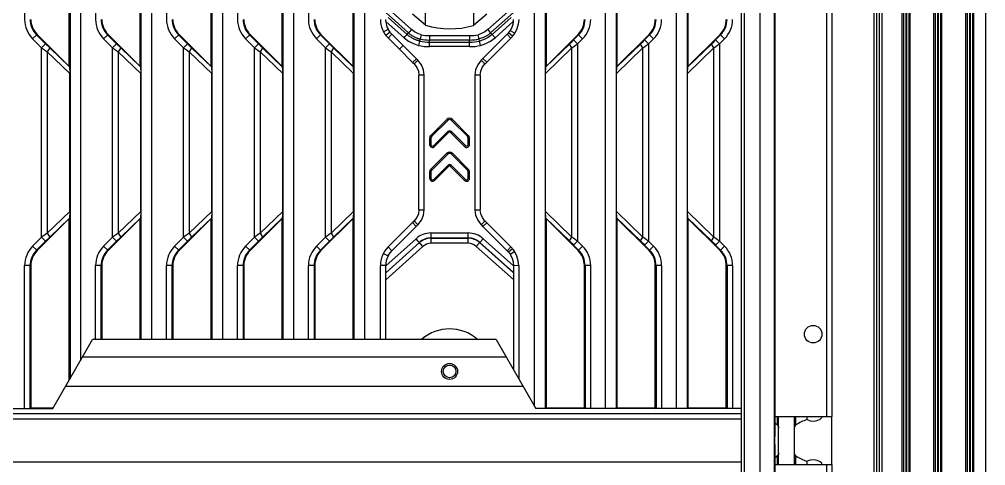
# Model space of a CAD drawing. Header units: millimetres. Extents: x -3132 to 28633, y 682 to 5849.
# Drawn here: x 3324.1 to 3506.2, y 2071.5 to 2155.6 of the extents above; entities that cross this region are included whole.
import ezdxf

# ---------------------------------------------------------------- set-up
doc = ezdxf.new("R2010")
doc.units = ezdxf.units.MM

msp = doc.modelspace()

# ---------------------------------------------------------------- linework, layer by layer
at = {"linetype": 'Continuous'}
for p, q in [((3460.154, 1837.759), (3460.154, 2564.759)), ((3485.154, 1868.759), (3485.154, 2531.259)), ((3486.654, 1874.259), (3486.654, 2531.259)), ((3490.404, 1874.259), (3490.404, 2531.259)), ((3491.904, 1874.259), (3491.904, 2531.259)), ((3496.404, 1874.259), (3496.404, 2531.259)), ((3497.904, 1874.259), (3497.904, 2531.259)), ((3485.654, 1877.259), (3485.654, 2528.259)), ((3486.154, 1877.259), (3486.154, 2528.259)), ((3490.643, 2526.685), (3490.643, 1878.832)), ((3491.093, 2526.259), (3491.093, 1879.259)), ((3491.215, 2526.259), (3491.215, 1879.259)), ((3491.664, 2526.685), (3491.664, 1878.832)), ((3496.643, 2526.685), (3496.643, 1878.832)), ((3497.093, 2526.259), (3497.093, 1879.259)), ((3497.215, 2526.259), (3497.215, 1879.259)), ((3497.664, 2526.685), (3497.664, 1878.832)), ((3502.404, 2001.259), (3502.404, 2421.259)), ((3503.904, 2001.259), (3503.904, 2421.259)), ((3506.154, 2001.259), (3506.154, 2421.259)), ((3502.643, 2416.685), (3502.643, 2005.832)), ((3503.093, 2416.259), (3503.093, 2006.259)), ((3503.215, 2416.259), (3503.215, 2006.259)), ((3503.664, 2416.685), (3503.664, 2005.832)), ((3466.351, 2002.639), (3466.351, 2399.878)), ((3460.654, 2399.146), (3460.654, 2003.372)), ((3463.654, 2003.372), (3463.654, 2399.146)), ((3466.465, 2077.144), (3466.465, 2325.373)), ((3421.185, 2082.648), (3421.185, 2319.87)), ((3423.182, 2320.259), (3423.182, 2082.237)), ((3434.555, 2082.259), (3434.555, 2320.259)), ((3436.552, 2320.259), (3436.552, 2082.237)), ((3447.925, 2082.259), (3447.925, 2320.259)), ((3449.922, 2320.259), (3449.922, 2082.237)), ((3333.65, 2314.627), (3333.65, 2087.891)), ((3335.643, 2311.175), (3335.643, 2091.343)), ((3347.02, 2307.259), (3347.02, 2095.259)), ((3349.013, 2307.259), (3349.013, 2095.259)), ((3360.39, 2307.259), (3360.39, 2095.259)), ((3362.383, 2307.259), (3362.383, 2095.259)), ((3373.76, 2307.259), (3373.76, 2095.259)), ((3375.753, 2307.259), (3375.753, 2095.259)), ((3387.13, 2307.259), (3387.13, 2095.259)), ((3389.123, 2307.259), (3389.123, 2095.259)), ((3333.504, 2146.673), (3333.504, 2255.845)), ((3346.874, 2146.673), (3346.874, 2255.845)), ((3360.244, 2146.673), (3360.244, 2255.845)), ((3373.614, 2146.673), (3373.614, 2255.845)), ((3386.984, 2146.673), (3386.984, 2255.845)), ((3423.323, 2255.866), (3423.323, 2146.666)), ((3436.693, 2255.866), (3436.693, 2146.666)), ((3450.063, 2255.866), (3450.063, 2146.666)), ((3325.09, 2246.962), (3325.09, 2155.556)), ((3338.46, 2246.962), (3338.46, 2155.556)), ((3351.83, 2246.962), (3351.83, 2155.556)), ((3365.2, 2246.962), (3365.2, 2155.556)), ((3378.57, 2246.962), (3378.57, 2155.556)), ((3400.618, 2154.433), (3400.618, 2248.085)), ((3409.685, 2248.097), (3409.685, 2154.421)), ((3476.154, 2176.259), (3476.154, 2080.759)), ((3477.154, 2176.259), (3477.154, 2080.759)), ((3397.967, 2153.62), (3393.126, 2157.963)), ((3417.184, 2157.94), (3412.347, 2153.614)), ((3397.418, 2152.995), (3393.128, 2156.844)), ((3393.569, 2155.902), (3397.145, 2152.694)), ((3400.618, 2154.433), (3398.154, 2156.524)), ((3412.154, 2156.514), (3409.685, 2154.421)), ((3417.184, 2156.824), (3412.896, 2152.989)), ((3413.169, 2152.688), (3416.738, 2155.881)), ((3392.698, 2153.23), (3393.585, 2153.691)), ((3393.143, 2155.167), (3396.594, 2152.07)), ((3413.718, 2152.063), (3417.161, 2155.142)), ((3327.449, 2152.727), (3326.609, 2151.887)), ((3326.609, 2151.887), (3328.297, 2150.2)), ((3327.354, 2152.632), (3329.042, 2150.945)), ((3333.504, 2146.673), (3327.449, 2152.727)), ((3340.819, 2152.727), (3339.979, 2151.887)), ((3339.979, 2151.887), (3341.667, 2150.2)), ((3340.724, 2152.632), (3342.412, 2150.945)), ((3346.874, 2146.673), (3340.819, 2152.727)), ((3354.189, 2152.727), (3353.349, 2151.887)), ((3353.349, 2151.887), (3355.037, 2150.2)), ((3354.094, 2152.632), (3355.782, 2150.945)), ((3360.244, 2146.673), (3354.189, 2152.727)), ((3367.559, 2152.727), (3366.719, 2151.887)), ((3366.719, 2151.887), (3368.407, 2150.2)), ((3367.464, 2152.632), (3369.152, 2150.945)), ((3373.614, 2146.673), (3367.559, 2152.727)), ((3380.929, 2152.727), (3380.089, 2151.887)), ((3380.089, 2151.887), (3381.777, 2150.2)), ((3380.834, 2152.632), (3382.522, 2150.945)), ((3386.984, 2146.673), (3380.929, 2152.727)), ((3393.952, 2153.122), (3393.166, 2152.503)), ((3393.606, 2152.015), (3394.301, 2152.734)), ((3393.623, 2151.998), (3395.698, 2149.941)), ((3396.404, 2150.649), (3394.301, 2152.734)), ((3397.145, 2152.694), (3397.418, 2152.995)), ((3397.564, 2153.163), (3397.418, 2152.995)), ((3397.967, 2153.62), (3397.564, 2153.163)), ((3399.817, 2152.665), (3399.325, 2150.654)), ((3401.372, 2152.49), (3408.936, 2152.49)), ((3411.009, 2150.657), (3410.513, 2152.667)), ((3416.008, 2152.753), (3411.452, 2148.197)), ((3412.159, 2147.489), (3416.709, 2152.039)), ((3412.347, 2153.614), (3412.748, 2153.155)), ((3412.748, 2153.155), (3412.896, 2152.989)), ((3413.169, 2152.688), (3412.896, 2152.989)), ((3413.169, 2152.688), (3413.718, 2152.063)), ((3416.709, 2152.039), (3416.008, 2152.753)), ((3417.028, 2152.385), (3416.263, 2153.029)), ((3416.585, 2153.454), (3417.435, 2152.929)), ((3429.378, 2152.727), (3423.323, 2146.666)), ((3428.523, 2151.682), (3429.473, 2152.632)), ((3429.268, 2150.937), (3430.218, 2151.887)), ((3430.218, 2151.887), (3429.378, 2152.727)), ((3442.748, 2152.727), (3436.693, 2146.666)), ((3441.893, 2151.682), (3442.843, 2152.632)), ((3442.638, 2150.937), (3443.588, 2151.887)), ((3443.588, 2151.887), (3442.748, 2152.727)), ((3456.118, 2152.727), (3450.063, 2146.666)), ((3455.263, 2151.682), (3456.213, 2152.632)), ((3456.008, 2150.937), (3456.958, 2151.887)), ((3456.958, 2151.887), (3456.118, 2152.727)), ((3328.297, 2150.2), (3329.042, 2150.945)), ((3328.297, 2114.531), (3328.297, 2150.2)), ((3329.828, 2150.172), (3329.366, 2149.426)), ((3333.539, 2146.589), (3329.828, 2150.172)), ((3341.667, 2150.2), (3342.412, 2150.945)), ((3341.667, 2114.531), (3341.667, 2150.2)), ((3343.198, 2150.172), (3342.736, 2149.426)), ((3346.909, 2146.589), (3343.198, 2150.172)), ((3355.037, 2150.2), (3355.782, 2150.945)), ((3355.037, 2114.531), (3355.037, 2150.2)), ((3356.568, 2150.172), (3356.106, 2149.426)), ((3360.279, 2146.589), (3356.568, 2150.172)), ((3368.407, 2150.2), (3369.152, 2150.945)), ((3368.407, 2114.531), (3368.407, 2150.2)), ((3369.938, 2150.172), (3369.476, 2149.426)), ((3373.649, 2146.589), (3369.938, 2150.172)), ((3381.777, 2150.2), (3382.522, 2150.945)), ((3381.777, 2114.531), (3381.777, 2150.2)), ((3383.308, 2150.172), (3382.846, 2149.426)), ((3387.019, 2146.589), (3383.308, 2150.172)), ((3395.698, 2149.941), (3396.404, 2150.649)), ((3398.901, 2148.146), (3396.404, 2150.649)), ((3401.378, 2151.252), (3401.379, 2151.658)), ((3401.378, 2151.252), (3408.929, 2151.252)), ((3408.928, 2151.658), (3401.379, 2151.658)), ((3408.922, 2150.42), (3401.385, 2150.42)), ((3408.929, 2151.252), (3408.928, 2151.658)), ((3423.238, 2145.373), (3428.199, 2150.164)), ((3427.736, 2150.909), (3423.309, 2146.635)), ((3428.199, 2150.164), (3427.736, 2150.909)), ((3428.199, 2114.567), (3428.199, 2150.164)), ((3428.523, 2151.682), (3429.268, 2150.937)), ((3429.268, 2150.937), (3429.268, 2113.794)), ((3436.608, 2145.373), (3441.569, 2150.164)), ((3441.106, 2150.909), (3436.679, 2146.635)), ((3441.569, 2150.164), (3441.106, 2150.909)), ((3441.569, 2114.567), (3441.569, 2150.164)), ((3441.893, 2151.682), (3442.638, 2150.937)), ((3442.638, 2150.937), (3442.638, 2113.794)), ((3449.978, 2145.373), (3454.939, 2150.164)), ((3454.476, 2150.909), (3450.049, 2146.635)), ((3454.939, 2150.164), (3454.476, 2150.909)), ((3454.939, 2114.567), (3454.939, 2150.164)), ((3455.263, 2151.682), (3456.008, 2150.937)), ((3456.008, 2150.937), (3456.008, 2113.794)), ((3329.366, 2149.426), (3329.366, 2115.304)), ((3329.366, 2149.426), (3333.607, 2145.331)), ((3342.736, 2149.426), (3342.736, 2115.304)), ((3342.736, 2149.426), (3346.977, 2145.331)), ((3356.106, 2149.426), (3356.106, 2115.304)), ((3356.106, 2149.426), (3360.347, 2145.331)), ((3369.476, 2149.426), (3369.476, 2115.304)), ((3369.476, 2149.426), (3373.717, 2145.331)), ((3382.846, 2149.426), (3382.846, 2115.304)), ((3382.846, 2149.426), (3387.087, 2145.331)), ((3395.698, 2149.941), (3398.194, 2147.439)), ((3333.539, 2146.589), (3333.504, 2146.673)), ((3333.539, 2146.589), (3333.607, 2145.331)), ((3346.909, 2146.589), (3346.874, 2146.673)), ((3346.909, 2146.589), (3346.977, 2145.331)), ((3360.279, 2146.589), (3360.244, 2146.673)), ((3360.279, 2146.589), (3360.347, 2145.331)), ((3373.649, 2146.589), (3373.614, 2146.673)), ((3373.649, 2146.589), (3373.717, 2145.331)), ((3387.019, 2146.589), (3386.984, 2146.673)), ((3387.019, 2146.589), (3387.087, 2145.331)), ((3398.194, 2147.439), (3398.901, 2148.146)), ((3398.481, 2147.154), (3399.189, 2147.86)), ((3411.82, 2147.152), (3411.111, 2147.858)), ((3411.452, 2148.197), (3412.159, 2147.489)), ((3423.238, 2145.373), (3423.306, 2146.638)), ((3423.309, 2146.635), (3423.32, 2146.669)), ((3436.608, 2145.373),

= = = = = = =

■ **DIRECTIONS**
In the listing above, find the line holding "import ezdxf" and the line holding "layer by layer", then output those two lines and every line between them exactly.

■ **EXERCISE RESPONSE**
import ezdxf

# ---------------------------------------------------------------- set-up
doc = ezdxf.new("R2010")
doc.units = ezdxf.units.MM

msp = doc.modelspace()

# ---------------------------------------------------------------- linework, layer by layer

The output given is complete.